- _Problem to solve_: Word for word, restate the lines of the data from the first through the one containing "D = zeros(2,1)", and nothing else.

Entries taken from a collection
________________________

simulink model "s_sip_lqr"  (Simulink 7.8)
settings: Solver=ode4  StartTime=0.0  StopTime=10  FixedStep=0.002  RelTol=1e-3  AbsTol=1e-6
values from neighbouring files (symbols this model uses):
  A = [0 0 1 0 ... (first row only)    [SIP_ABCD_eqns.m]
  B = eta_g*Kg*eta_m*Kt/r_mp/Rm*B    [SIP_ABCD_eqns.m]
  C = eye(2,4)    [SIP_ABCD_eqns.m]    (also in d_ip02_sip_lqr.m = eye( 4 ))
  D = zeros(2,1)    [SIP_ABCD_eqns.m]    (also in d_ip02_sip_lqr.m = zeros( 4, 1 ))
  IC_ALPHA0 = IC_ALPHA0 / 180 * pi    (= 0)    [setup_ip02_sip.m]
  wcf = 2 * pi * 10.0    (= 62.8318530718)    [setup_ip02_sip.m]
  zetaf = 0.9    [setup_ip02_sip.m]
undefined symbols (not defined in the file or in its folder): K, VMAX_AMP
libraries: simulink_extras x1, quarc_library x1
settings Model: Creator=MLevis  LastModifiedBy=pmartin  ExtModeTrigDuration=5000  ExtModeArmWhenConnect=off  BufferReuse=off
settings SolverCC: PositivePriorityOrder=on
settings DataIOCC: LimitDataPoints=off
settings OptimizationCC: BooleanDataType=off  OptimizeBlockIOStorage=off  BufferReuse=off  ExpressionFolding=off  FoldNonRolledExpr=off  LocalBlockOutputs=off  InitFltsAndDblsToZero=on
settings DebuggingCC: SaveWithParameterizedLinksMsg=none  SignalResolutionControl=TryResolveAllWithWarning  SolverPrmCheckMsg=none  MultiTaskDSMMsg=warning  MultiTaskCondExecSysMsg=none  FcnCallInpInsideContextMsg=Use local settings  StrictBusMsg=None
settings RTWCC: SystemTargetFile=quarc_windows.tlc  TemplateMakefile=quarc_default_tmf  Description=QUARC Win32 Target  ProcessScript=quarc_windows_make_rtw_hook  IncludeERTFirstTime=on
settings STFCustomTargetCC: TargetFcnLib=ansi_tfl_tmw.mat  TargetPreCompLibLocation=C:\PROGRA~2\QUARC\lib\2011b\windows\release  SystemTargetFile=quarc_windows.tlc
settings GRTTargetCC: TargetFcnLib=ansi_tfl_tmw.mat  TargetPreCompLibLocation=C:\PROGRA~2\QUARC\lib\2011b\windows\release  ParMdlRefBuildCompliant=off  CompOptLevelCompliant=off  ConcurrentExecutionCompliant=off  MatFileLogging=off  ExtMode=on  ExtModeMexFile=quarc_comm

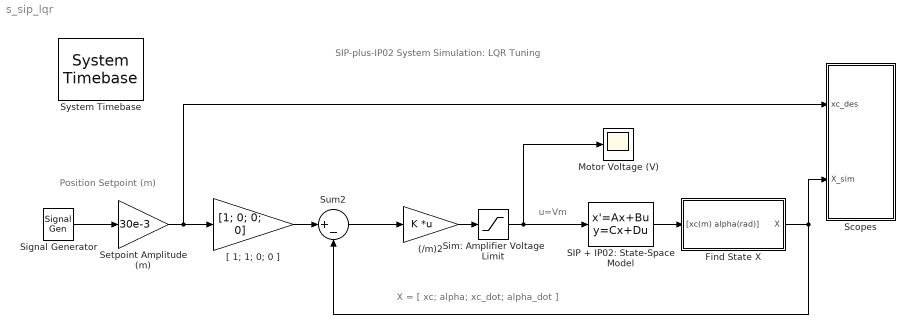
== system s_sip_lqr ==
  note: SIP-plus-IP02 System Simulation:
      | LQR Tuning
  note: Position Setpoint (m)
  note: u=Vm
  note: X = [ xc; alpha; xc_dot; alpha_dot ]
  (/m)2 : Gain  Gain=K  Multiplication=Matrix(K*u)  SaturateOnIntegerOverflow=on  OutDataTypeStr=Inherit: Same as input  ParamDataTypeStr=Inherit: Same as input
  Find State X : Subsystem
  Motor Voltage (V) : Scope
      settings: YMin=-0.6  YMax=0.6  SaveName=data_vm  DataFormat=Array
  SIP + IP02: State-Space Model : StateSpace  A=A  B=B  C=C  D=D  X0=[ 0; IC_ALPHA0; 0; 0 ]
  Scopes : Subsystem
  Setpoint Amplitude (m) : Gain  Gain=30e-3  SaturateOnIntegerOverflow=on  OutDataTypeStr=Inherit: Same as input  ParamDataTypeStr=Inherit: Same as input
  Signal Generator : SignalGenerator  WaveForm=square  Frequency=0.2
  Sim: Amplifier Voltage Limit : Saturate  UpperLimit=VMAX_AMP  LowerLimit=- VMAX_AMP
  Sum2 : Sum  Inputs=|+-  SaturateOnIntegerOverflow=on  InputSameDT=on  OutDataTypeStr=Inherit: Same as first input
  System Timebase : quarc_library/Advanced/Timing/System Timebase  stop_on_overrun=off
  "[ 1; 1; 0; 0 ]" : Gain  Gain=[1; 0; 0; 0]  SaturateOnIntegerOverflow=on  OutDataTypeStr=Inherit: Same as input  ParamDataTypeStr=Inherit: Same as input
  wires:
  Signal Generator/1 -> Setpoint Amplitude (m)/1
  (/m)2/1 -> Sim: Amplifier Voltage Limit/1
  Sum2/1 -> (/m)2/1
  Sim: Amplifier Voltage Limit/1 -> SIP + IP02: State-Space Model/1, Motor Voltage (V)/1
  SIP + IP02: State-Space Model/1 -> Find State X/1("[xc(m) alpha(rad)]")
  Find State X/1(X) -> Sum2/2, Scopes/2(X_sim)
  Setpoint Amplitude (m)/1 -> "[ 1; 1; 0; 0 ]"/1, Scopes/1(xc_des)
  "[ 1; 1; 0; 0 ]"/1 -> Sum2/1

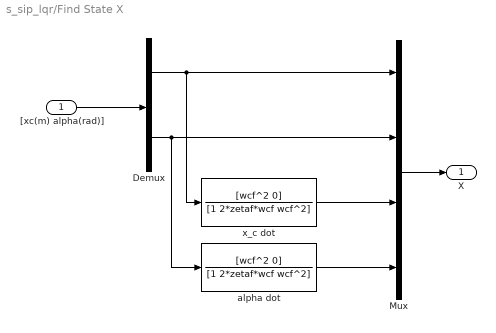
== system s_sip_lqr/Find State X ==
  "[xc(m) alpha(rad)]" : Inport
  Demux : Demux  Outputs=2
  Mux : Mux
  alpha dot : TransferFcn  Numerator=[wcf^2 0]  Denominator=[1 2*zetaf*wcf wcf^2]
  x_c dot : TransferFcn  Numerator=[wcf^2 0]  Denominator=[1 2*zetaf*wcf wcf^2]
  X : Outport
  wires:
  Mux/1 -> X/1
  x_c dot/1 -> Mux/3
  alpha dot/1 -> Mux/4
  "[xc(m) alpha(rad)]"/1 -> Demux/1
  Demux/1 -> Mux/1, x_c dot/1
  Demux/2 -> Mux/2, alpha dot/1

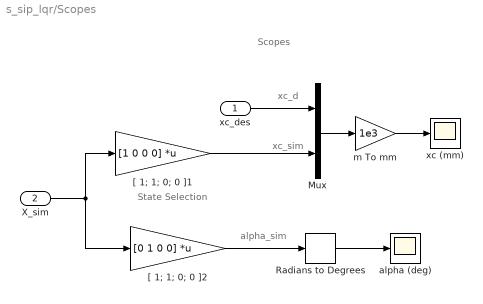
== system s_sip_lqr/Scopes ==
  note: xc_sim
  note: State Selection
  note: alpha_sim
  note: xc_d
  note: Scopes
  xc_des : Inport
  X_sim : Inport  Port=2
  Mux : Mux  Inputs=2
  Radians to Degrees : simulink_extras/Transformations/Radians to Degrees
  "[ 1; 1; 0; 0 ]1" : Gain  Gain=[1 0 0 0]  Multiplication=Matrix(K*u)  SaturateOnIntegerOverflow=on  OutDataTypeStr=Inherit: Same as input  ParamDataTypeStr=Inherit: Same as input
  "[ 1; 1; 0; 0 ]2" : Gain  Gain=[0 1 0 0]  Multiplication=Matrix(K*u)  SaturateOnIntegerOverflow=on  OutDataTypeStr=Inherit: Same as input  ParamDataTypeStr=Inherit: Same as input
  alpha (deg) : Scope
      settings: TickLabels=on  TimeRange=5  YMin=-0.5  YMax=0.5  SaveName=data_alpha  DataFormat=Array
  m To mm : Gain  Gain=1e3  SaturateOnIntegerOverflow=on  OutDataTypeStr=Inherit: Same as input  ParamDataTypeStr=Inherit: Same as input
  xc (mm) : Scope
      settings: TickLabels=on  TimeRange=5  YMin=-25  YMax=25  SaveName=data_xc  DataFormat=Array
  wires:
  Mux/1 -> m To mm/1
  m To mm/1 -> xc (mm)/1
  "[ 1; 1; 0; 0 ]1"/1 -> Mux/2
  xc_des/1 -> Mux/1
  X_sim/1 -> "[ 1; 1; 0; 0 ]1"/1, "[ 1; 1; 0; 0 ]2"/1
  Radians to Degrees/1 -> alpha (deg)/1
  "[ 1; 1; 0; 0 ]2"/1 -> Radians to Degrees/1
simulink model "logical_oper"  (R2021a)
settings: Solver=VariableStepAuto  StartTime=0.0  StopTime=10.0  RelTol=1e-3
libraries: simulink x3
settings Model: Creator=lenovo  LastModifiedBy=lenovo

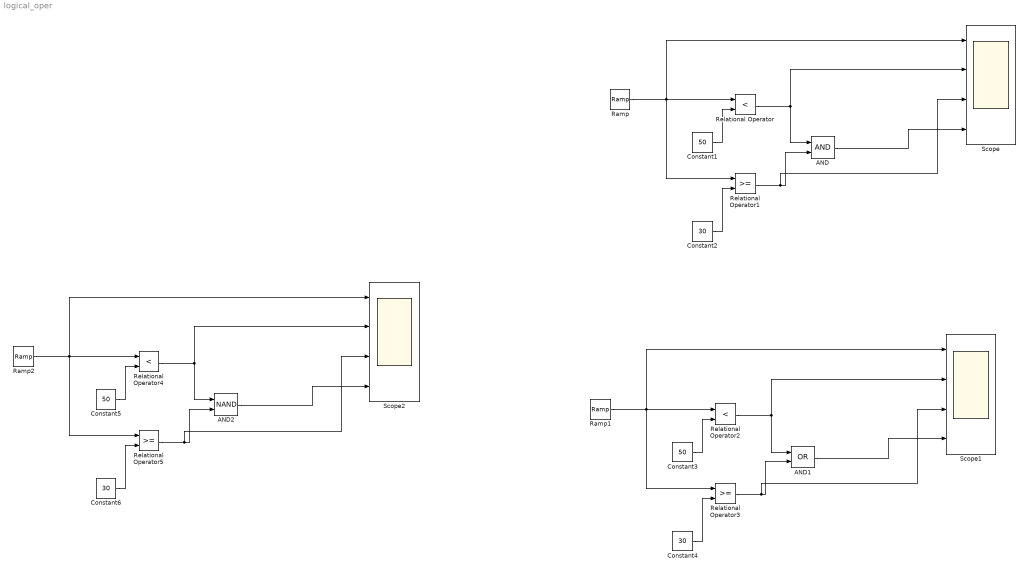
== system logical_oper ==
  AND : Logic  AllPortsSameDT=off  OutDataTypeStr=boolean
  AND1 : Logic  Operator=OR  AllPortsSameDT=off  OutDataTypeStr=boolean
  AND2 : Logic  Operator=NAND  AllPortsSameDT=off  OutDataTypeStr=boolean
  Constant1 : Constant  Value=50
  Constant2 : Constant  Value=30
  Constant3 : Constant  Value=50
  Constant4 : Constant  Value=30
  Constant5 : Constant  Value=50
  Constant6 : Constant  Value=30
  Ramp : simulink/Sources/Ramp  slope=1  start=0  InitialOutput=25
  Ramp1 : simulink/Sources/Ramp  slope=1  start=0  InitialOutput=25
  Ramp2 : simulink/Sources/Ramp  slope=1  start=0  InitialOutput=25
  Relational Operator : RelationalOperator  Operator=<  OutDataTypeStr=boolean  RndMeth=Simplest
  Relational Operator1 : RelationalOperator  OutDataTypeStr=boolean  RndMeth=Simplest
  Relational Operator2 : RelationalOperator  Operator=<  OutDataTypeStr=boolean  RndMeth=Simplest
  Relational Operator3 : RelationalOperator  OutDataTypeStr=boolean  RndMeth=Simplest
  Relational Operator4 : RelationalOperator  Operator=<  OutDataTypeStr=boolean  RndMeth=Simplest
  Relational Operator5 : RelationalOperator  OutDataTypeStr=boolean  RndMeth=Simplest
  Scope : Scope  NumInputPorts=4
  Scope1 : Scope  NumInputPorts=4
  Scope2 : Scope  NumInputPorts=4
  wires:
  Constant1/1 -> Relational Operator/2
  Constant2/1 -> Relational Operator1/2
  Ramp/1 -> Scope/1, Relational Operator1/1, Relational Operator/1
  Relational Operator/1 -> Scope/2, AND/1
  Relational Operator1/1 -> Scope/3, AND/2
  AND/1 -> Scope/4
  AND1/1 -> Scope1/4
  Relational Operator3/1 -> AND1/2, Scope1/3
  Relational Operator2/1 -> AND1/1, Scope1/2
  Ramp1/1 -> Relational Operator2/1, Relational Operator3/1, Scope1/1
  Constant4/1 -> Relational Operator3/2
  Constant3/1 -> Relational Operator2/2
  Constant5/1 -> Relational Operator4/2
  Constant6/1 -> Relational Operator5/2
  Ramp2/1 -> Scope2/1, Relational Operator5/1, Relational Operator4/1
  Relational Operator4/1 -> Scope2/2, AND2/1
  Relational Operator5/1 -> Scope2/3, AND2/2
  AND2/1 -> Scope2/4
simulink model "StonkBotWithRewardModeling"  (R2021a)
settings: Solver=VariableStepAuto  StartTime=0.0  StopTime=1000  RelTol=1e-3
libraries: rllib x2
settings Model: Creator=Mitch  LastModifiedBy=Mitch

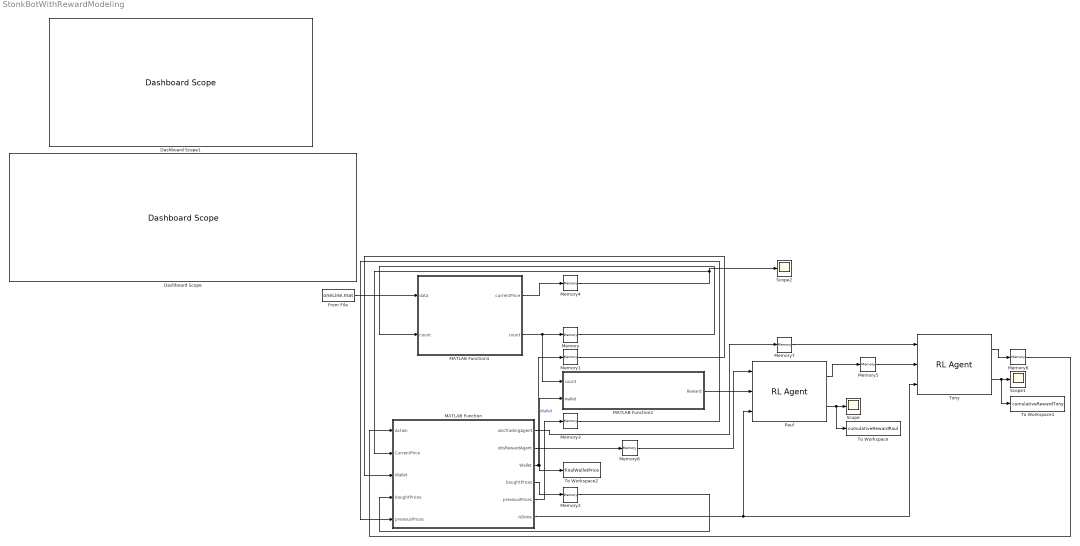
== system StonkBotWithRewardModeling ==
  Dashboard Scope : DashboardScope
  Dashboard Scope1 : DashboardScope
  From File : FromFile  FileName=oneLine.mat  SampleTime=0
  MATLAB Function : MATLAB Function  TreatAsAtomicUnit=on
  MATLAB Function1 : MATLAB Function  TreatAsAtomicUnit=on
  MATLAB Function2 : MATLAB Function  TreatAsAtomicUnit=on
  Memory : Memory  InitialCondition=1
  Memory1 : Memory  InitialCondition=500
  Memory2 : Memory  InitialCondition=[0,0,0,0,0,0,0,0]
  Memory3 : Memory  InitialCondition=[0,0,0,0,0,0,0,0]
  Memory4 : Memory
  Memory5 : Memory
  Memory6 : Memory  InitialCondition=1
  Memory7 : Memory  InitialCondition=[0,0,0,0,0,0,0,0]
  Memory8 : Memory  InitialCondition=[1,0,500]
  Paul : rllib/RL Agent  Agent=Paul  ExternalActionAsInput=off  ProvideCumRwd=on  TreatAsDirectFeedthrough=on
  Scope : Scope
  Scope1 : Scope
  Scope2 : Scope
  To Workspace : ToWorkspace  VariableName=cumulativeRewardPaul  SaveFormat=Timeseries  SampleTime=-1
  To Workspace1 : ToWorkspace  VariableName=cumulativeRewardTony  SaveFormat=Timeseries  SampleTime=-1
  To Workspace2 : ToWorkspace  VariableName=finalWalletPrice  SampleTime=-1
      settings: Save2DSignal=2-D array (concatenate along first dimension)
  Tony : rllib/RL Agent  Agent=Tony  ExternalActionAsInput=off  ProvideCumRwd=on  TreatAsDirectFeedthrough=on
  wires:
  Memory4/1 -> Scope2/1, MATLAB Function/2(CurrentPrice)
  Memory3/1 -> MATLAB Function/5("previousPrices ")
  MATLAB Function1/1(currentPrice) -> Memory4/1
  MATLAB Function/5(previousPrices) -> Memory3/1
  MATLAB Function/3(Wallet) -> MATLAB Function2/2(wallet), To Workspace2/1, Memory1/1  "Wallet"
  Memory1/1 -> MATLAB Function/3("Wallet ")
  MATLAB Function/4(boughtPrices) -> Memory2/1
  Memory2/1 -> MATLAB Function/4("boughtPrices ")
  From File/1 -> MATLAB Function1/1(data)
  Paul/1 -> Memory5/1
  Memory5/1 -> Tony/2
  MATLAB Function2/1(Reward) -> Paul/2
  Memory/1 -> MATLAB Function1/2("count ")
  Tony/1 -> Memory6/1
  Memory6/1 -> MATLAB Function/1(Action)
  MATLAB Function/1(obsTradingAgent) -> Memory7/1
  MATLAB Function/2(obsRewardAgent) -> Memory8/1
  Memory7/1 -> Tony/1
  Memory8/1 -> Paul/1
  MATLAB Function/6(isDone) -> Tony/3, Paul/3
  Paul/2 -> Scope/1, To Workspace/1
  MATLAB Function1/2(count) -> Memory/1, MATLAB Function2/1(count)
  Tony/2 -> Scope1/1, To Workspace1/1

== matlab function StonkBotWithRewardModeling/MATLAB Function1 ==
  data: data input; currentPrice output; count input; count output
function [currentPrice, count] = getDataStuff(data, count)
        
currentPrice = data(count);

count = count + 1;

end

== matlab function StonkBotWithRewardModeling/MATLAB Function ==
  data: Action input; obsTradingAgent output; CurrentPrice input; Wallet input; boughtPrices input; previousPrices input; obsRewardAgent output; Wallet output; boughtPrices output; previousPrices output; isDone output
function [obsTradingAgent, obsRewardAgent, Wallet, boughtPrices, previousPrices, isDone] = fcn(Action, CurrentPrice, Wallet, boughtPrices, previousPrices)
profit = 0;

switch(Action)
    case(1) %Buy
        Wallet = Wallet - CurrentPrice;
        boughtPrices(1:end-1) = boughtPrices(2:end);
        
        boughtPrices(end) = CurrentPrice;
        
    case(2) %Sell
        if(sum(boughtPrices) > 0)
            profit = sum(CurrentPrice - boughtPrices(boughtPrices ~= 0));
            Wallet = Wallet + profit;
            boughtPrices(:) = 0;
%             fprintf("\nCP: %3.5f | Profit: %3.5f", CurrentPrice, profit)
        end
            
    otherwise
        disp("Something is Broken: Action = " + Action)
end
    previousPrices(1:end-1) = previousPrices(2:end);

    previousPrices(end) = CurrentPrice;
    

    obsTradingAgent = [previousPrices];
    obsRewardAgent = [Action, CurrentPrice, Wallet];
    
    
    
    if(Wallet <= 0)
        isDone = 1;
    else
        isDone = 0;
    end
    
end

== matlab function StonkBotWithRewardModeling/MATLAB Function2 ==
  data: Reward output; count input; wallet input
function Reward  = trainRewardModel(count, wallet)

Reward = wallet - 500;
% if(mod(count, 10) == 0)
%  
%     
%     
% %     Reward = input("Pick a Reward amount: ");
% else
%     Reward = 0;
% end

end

________________________

- _Your solution_:
simulink model "s_sip_lqr"  (Simulink 7.8)
settings: Solver=ode4  StartTime=0.0  StopTime=10  FixedStep=0.002  RelTol=1e-3  AbsTol=1e-6
values from neighbouring files (symbols this model uses):
  A = [0 0 1 0 ... (first row only)    [SIP_ABCD_eqns.m]
  B = eta_g*Kg*eta_m*Kt/r_mp/Rm*B    [SIP_ABCD_eqns.m]
  C = eye(2,4)    [SIP_ABCD_eqns.m]    (also in d_ip02_sip_lqr.m = eye( 4 ))
  D = zeros(2,1)    [SIP_ABCD_eqns.m]    (also in d_ip02_sip_lqr.m = zeros( 4, 1 ))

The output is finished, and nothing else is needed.